Pekkanen, J. & Naccache, U. (1987, June). AIDS: The Plague that Knows no Boundaries. Reader’s Digest.

OVERVIEW

(Download AIDS: The Plague that Knows no Boundaries overview as a PDF)

The issues of the origin, extent, reporting, and treatment of AIDS are all sensitive matters. This article is not especially sensitive, but it is a piece of investigative reporting that helps us approach the subject.

There is no solid, scientific evidence pointing to the origin of AIDS. It is therefore very understandable why African governments should strongly object to Western theories that AIDS came from African monkeys. Developing countries with limited resources should not be told by outsiders how to handle an epidemic that threatens us all.

As of February, 1987, 91 countries had reported cases of AIDS. The official report from African countries was 2,627.

When a person is infected by the AIDS virus, his or her body begins to produce antibodies that label the blood as HIV-positive. Only a fraction of those infected escape the breakdown of the immune system that leads to certain death from other infectious diseases such as pneumonia or skin cancer. So, death can be cited as due to AIDS or the attending diseases.

Statistics suggest that between ten and thirty percent of those contracting the AIDS virus develop full-blown AIDS within five years. One German study reports that 75% will develop the illness within fifteen years. Many researchers suspect that the number of ‘healthy carriers’ who eventually develop AIDS may near 90%.

Further complicating the crisis is the fact that HIV-infected Africans are exposed to a multitude of conditions AIDS experts call "co-factors":

To what extent these co-factors increase the susceptibility to AIDS is not well understood, but they all affect the body’s immune system (and susceptibility to the AIDS virus) to some degree. Infectious diseases such as tuberculosis and malaria, as well as malnutrition, are suspected of playing a role. Likely co-factors are other sexually transmitted diseases...Pregnancy seems to be emerging as a factor as well.

High rates of pregnancy, of malnutrition, malaria, and sexually transmitted diseases would seem to make Africa vulnerable to AIDS infections and explain its high positivity among women.
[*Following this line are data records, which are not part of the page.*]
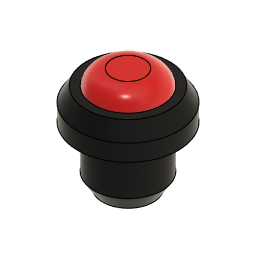
ButtonSensor (Autodesk Fusion 360 archive; units mm, degrees)
design "Button"
Autodesk Fusion 360 part; units mm, degrees
sketch "Sketch1" plane through (0, 0, 0) normal (0, 0, 1) x (1, 0, 0)
  circle A0 centre (0, 0) radius 8.75
  circle A1 centre (0, 0) radius 5.9
  dimension "d1" = 17.5
  dimension "d2" = 11.8
  constraint coincident A0.centre A1.centre
  measures "d1" diameter of A0
  measures "d2" diameter of A1
extrude "Extrude1" add sketch "Sketch1" along normal blind 10 contours A1 makes body 1
extrude "Extrude2" add sketch "Sketch1" along normal blind 15.4 and the other way blind -10 separate body contours A0 | A1 makes body 2
chamfer "Chamfer1" distance 2.5 distance2 1.5 1 edges at (-5.5007, -2.1335, 0) measured on face at (5.8927, -0.2941, 6.6667) on bodies 1
chamfer "Chamfer2" distance 1.5 distance2 2.5 1 edges at (-8.1579, -3.1641, 15.4) measured on face at (2.2113, -2.9606, 15.4) on bodies 2
sketch "Sketch3" plane through (0, 0, 0) normal (1, 0, 0) x (0, 1, 0)
  line L0 (-7.25, 15.4) -> (7.25, 15.4)
  line L1 (0, 18) -> (2.8, 18)
  line L2 (0, 15.4) -> (5.9, 15.4)
  arc A0 (5.9, 15.4) -> (2.8, 18) centre (2.8, 14.8519) ccw
  line L3 (0, 18) -> (0, 15.4)
  dimension "d14" = 2.8
  dimension "d15" = 5.9
  dimension "d16" = 2.6
  constraint horizontal L1
  constraint midpoint L0 L2.start
  constraint parallel L0 L2
  constraint tangent L1 A0
  constraint perpendicular L2 L3
  measures "d14" distance of L1.start L1.end
  measures "d15" distance of L2.start L2.end
  measures "d16" distance of L1 L2
revolve "Revolve1" add sketch "Sketch3" angle 360 about axis through (0, 0, 1.75) along (0, 0, 1) separate body makes body 3
equation "d5 = 18 mm - 2.6 mm"
equation "d15 = ( 11.8 / 2 ) * 1 mm"

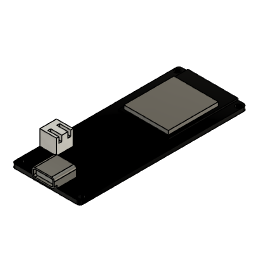
design "Firebeetle ESP32"
Autodesk Fusion 360 part; units mm, degrees
sketch "Sketch1" plane through (0, 0, 0) normal (0, 0, 1) x (1, 0, 0)
  line L0 (1, 0) -> (23.4, 0)
  line L1 (24.4, 1) -> (24.4, 59)
  line L2 (23.4, 60) -> (1, 60)
  line L3 (0, 59) -> (0, 1)
  arc A0 (24.4, 59) -> (23.4, 60) centre (23.4, 59) ccw
  arc A1 (1, 60) -> (0, 59) centre (1, 59) ccw
  arc A2 (0, 1) -> (1, 0) centre (1, 1) ccw
  arc A3 (23.4, 0) -> (24.4, 1) centre (23.4, 1) ccw
  circle A4 centre (1.2, 1.8) radius 1
  line L4 (12.2, 60) -> (12.2, 0) construction
  line L5 (0, 30) -> (24.4, 30) construction
  circle A5 centre (23.2, 1.8) radius 1
  circle A6 centre (1.2, 58.2) radius 1
  circle A7 centre (23.2, 58.2) radius 1
  point P0 (24.4, 0)
  point P1 (0, 60)
  dimension "d1" = 24.4
  dimension "d2" = 60
  dimension "d3" = 1
  dimension "d4" = 2
  dimension "d7" = 11
  dimension "d8" = 1.2
  dimension "d9" = 1.8
  constraint horizontal L0
  constraint vertical L1
  constraint horizontal L2
  constraint vertical L3
  constraint tangent L1 A0
  constraint tangent L2 A0
  constraint coincident P1 L2
  constraint coincident P1 L3
  constraint tangent L2 A1
  constraint tangent L3 A1
  constraint equal A0 A1
  constraint coincident origin L0
  constraint coincident origin L3
  constraint tangent L0 A2
  constraint tangent L3 A2
  constraint equal A0 A2
  constraint coincident P0 L0
  constraint coincident P0 L1
  constraint tangent L0 A3
  constraint tangent L1 A3
  constraint equal A0 A3
  constraint midpoint L2 L4.start
  constraint midpoint L0 L4.end
  constraint midpoint L3 L5.start
  constraint midpoint L1 L5.end
  constraint symmetric A4 L4 A5
  constraint symmetric A4 L5 A6
  constraint symmetric L5 A5 A7
  measures "d1" distance of origin P0
  measures "d2" distance of origin P1
  measures "d3" radius of A0
  measures "d4" diameter of A4
  measures "d7" distance of A4.centre L4
  measures "d8" distance of L3 A4.centre
  measures "d9" vertical distance of L0.start A4.centre
extrude "Extrude1" add sketch "Sketch1" along normal blind 1.4
sketch "Sketch2" plane through (0, 0, 1.4) normal (0, 0, 1) x (-1, 0, 0)
  circle A0 centre (-23.2, -58.2) radius 1
  circle A1 centre (-1.2, -58.2) radius 1
  circle A2 centre (-23.2, -1.8) radius 1
  circle A3 centre (-1.2, -1.8) radius 1
  arc A4 (-23.4, 0) -> (-24.4, -1) centre (-23.4, -1) ccw
  line L0 (-24.4, -1) -> (-24.4, -59)
  arc A5 (-24.4, -59) -> (-23.4, -60) centre (-23.4, -59) ccw
  line L1 (-23.4, -60) -> (-1, -60)
  arc A6 (-1, -60) -> (0, -59) centre (-1, -59) ccw
  line L2 (0, -59) -> (0, -1)
  arc A7 (0, -1) -> (-1, 0) centre (-1, -1) ccw
  line L3 (-1, 0) -> (-23.4, 0)
  line L4 (-3.2, -60) -> (-21.2, -60)
  line L5 (-21.2, -60) -> (-21.2, -35)
  line L6 (-21.2, -35) -> (-3.2, -35)
  line L7 (-3.2, -35) -> (-3.2, -60)
  line L8 (-12.2, -60) -> (-12.2, 0) construction
  dimension "d12" = 18
  dimension "d13" = 25
  dimension "d14" = 9
  constraint horizontal L4
  constraint vertical L5
  constraint horizontal L6
  constraint vertical L7
  constraint coincident L1 L4.start
  constraint midpoint L1 L8.start
  constraint midpoint L3 L8.end
  measures "d12" distance of L4.start L4.end
  measures "d13" distance of L4.start L6.end
  measures "d14" distance of L7 L8
extrude "Extrude2" add sketch "Sketch2" along normal blind 0.6 contours L1 L4 L5 L6 L7
sketch "Sketch3" plane through (0, 0, 2) normal (0, 0, 1) x (-1, 0, 0)
  line L0 (-3.2, -35) -> (-21.2, -35)
  line L1 (-21.2, -35) -> (-21.2, -60)
  line L2 (-21.2, -60) -> (-3.2, -60)
  line L3 (-3.2, -60) -> (-3.2, -35)
  line L4 (-4.2, -36) -> (-20.2, -36)
  line L5 (-20.2, -36) -> (-20.2, -54)
  line L6 (-20.2, -54) -> (-4.2, -54)
  line L7 (-4.2, -54) -> (-4.2, -36)
  dimension "d17" = 16
  dimension "d18" = 18
  dimension "d19" = 1
  dimension "d20" = 1
  constraint horizontal L4
  constraint vertical L5
  constraint horizontal L6
  constraint vertical L7
  measures "d17" distance of L4.start L4.end
  measures "d18" distance of L4.start L6.end
  measures "d19" distance of L0 L4
  measures "d20" distance of L3 L7
extrude "Extrude3" add sketch "Sketch3" along normal blind 1.4 contours L4 L5 L6 L7
sketch "Sketch4" plane through (0, 0, 1.4) normal (0, 0, 1) x (-1, 0, 0)
  line L0 (-21.2, -60) -> (-21.2, -35)
  line L1 (-21.2, -35) -> (-3.2, -35)
  line L2 (-3.2, -35) -> (-3.2, -60)
  line L3 (-3.2, -60) -> (-1, -60)
  arc A0 (-1, -60) -> (0, -59) centre (-1, -59) ccw
  line L4 (0, -59) -> (0, -1)
  arc A1 (0, -1) -> (-1, 0) centre (-1, -1) ccw
  line L5 (-1, 0) -> (-23.4, 0)
  arc A2 (-23.4, 0) -> (-24.4, -1) centre (-23.4, -1) ccw
  line L6 (-24.4, -1) -> (-24.4, -59)
  arc A3 (-24.4, -59) -> (-23.4, -60) centre (-23.4, -59) ccw
  line L7 (-23.4, -60) -> (-21.2, -60)
  circle A4 centre (-1.2, -1.8) radius 1
  circle A5 centre (-23.2, -1.8) radius 1
  circle A6 centre (-1.2, -58.2) radius 1
  circle A7 centre (-23.2, -58.2) radius 1
  line L8 (-8.2, 0) -> (-16.2, 0)
  line L9 (-16.2, 0) -> (-16.2, -7)
  line L10 (-16.2, -7) -> (-8.2, -7)
  line L11 (-8.2, -7) -> (-8.2, 0)
  line L12 (-12.2, 0) -> (-12.2, -60) construction
  line L13 (0, -16) -> (-6, -16)
  line L14 (-6, -16) -> (-6, -10)
  line L15 (-6, -10) -> (0, -10)
  line L16 (0, -10) -> (0, -16)
  dimension "d25" = 8
  dimension "d26" = 7
  dimension "d29" = 4
  dimension "d42" = 6
  dimension "d43" = 6
  dimension "d44" = 10
  constraint horizontal L8
  constraint vertical L9
  constraint horizontal L10
  constraint vertical L11
  constraint coincident L5 L8.start
  constraint midpoint L5 L12.start
  constraint perpendicular L5 L12
  constraint horizontal L13
  constraint vertical L14
  constraint horizontal L15
  constraint vertical L16
  constraint coincident L4 L13.start
  measures "d25" distance of L8.start L8.end
  measures "d26" distance of L8.start L10.end
  measures "d29" distance of L9 L12
  measures "d42" distance of L13.start L13.end
  measures "d43" distance of L13.start L15.end
  measures "d44" distance of L5 L15
extrude "Extrude4" add sketch "Sketch4" along normal blind 3.5 contours L5 L8 L9 L10 L11
fillet "Fillet1" radius 1 2 edges at (16.2, 3.5, 4.9) (8.2, 3.5, 4.9)
sketch "Sketch5" plane through (0, 0, 0) normal (0, -1, 0) x (1, 0, 0)
  arc A0 (9.2, 4.9) -> (8.2, 3.9) centre (9.2, 3.9) ccw
  line L0 (8.2, 3.9) -> (8.2, 1.4)
  line L1 (8.2, 1.4) -> (1, 1.4)
  line L2 (1, 1.4) -> (1, 0)
  line L3 (1, 0) -> (23.4, 0)
  line L4 (23.4, 0) -> (23.4, 1.4)
  line L5 (23.4, 1.4) -> (16.2, 1.4)
  line L6 (16.2, 1.4) -> (16.2, 3.9)
  arc A1 (16.2, 3.9) -> (15.2, 4.9) centre (15.2, 3.9) ccw
  line L7 (15.2, 4.9) -> (9.2, 4.9)
  line L8 (9.2, 1.4) -> (15.2, 1.4)
  line L9 (16.2, 2.4) -> (16.2, 2.65)
  arc A2 (15.2, 1.4) -> (16.2, 2.4) centre (15.2, 2.4) ccw
  line L10 (8.2, 2.4) -> (8.2, 2.65)
  arc A3 (8.2, 2.4) -> (9.2, 1.4) centre (9.2, 2.4) ccw
  arc A4 (15.7, 3.9) -> (15.2, 4.4) centre (15.2, 3.9) ccw
  line L11 (15.2, 4.4) -> (9.2, 4.4)
  arc A5 (9.2, 4.4) -> (8.7, 3.9) centre (9.2, 3.9) ccw
  line L12 (15.7, 3.9) -> (15.7, 2.4)
  line L13 (8.7, 3.9) -> (8.7, 2.4)
  line L14 (15.7, 2.4) -> (15.7, 2.65)
  arc A6 (15.2, 1.9) -> (15.7, 2.4) centre (15.2, 2.4) ccw
  line L15 (9.2, 1.9) -> (15.2, 1.9)
  arc A7 (8.7, 2.4) -> (9.2, 1.9) centre (9.2, 2.4) ccw
  line L16 (8.7, 2.4) -> (8.7, 2.65)
  dimension "d34" = 1
  dimension "d35" = 1
  dimension "d38" = -0.5
  dimension "d39" = -0.5
  constraint midpoint L6 L9.end
  constraint tangent L8 A2
  constraint midpoint L0 L10.end
  constraint tangent L8 A3
  constraint tangent L12 A6
  constraint tangent L13 A7
  measures "d34" radius of A2
  measures "d35" radius of A3
extrude "Extrude6" add sketch "Sketch5" along normal blind 1 contours A0 L0 L6 A1 L7 L8 L9 A2 L10 A3
extrude "Extrude7" add sketch "Sketch4" along normal blind 5.5 contours L4 L13 L14 L15 L16
sketch "Sketch6" plane through (0, 0, 0) normal (-1, 0, 0) x (0, -1, 0)
  line L0 (-59, 0) -> (-1, 0)
  line L1 (-1, 0) -> (-1, 1.4)
  line L2 (-1, 1.4) -> (-10, 1.4)
  line L3 (-10, 1.4) -> (-10, 6.9)
  line L4 (-10, 6.9) -> (-16, 6.9)
  line L5 (-16, 6.9) -> (-16, 1.4)
  line L6 (-16, 1.4) -> (-59, 1.4)
  line L7 (-59, 1.4) -> (-59, 0)
  line L8 (-16, 1.4) -> (-10, 1.4)
  constraint coincident L5.end L6.start
  constraint coincident L2.end L3.start
sketch "Sketch7" plane through (0, 0, 0) normal (-1, 0, 0) x (0, -1, 0)
  line L0 (-14.8, 5.7) -> (-11.2, 5.7)
  line L1 (-11.2, 5.7) -> (-11.2, 2.6)
  line L2 (-11.2, 2.6) -> (-14.8, 2.6)
  line L3 (-14.8, 2.6) -> (-14.8, 5.7)
  line L4 (-16, 6.9) -> (-16, 1.4)
  line L5 (-10, 1.4) -> (-10, 6.9)
  line L6 (-10, 6.9) -> (-16, 6.9)
  line L7 (-1, 1.4) -> (-10, 1.4)
  dimension "d47" = 1.2
  dimension "d48" = 1.2
  dimension "d49" = 1.2
  dimension "d50" = 1.2
  constraint horizontal L0
  constraint vertical L1
  constraint horizontal L2
  constraint vertical L3
  measures "d47" distance of L3 L4
  measures "d48" distance of L1 L5
  measures "d49" distance of L0 L6
  measures "d50" distance of L2 L7
extrude "Extrude8" cut sketch "Sketch7" against normal blind 4
sketch "Sketch8" plane through (0, 0, 6.9) normal (0, 0, 1) x (-1, 0, 0)
  line L0 (0, -10) -> (-6, -10)
  line L1 (-6, -10) -> (-6, -16)
  line L2 (-6, -16) -> (0, -16)
  line L3 (0, -16) -> (0, -10)
  line L4 (-6, -13) -> (0, -13) construction
  line L5 (-6, -14.1) -> (-2, -14.1)
  line L6 (-2, -14.1) -> (-2, -15.1)
  line L7 (-2, -15.1) -> (-6, -15.1)
  line L8 (-6, -15.1) -> (-6, -14.1)
  line L9 (-6, -11.9) -> (-2, -11.9)
  line L10 (-2, -10.9) -> (-6, -10.9)
  line L11 (-2, -11.9) -> (-2, -10.9)
  line L12 (-6, -10.9) -> (-6, -11.9)
  circle A0 centre (-1.2, -1.8) radius 1
  point P0 (-1, -59)
  dimension "d53" = 4
  dimension "d54" = 1
  dimension "d55" = 1.1
  dimension "d58" = 57.2
  constraint midpoint L1 L4.start
  constraint midpoint L3 L4.end
  constraint horizontal L5
  constraint vertical L6
  constraint horizontal L7
  constraint vertical L8
  constraint coincident L1 L5.start
  constraint symmetric L4 L5.start L9.start
  constraint symmetric L4 L5.end L9.end
  constraint symmetric L4 L6.end L10.start
  constraint symmetric L4 L7.end L10.end
  measures "d53" distance of L5.start L5.end
  measures "d54" distance of L5.start L7.end
  measures "d55" distance of L4 L5
  measures "d58" vertical distance of P0 A0.centre
extrude "Extrude9" cut sketch "Sketch8" against normal blind 2 contours L1 L9 L10 L11 L12 | L1 L5 L6 L7 L8

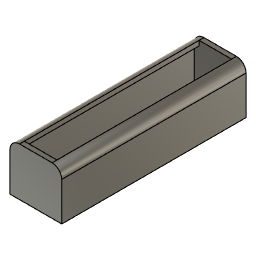
design "Battery holder"
Autodesk Fusion 360 part; units mm, degrees
sketch "Sketch1" plane through (0, 0, 0) normal (0, 0, 1) x (1, 0, 0)
  line L0 (0, 0) -> (21.5, 0)
  line L1 (21.5, 0) -> (21.5, 76.5)
  line L2 (21.5, 76.5) -> (0, 76.5)
  line L3 (0, 76.5) -> (0, 0)
  dimension "d1" = 21.5
  dimension "d2" = 76.5
  constraint horizontal L0
  constraint vertical L1
  constraint horizontal L2
  constraint vertical L3
  constraint coincident L0.start L3.end
  measures "d1" distance of L0.start L0.end
  measures "d2" distance of L0.start L2.end
extrude "Extrude1" add sketch "Sketch1" along normal blind 20 makes body 1
fillet "Fillet1" radius 4 2 edges at (0, 38.25, 20) (21.5, 38.25, 20) on bodies 1
sketch "Sketch2" plane through (0, 0, 20) normal (0, 0, 1) x (-1, 0, 0)
  line L0 (-17.5, 0) -> (-17.5, -76.5)
  line L1 (-17.5, -76.5) -> (-4, -76.5)
  line L2 (-4, -76.5) -> (-4, 0)
  line L3 (-4, 0) -> (-17.5, 0)
  line L4 (-4, -74.5) -> (-17.5, -74.5)
  line L5 (-17.5, -74.5) -> (-17.5, -2)
  line L6 (-17.5, -2) -> (-4, -2)
  line L7 (-4, -2) -> (-4, -74.5)
  dimension "d7" = 2
  dimension "d8" = 2
  constraint horizontal L4
  constraint vertical L5
  constraint horizontal L6
  constraint vertical L7
  constraint coincident L0 L5.end
  constraint coincident L2 L4.start
  measures "d7" distance of L1 L4
  measures "d8" distance of L3 L6
extrude "Extrude2" cut sketch "Sketch2" against normal blind 18 contours L0 L2 L4 L5 L6 L7 bodies 1
sketch "Sketch4" plane through (0, 2, 0) normal (0, 1, 0) x (-1, 0, 0)
  line L0 (-4, 20) -> (-17.5, 20)
  line L1 (-17.5, 20) -> (-17.5, 2)
  line L2 (-17.5, 2) -> (-4, 2)
  line L3 (-4, 2) -> (-4, 20)
  line L4 (-19.5, 2) -> (-2, 2)
  line L5 (-2, 2) -> (-2, 16)
  line L6 (-4, 18) -> (-17.5, 18)
  line L7 (-19.5, 16) -> (-19.5, 2)
  arc A0 (-17.5, 18) -> (-19.5, 16) centre (-17.5, 16) ccw
  arc A1 (-2, 16) -> (-4, 18) centre (-4, 16) ccw
  dimension "d16" = 2
  constraint horizontal L4
  constraint vertical L5
  constraint horizontal L6
  constraint vertical L7
  constraint tangent L6 A0
  constraint tangent L7 A0
  constraint tangent L5 A1
  constraint tangent L6 A1
  constraint equal A0 A1
  measures "d16" radius of A0
extrude "Extrude3" add sketch "Sketch4" along normal blind 72.5 separate body contours L3 L4 L5 A1 | L1 L2 L3 L4 L6 | L1 L4 L7 A0 makes body 2
combine "Combine1" operation cut target body 1 tool bodies 2

Western writers quickly blame official reporting of AIDS. You often hear folks say, or the media report, that African countries fail to comprehensively report AIDS cases out for fear of its effect upon tourism. The reality may be that people are kept in hospitals for attending diseases because being labeled a terminally-ill AIDS case might send them out of the hospital to infect others. For whatever reasons, it is commonly recognized that actual cases of AIDS far exceeds official reports.

Some stunning statistics:

  • In Kinshasha, Zaire, a city (in 1986) of four million, tests of thousands of blood samples revealed 6-7% were HIV-positive.
  • A broad-based study in the Zambian capital of Lusaka found 18% of blood donors were HIV-positive.
  • In Nairobi, 4% of street prostitutes tested HIV-positive in 1981. In 1985, this figure had risen to 59%. In a 1986 study, 67% of the street prostitutes tested were HIV-positive.

In 1983, Peter Piot, a microbiologist at Antwerp’s Institute of Tropical Medicine, helped make the first confirmation of AIDS in Africa. Contrasting official 1987 figures, he said, "My guess is that several million are now infected."

In towns of Uganda, Tanzania, and Kenya around Lake Victoria, rates are very high. One hears of small towns and villages where three to five deaths from AIDS occur a day. "Hardest hit are sexually active adults between ages 20 and 39." Intravenous drug users are also being infected at high rates and spread the infection to urban prostitutes. The difficulty of screening HIV-2 increases the risk of contracting the infection through blood transfusion.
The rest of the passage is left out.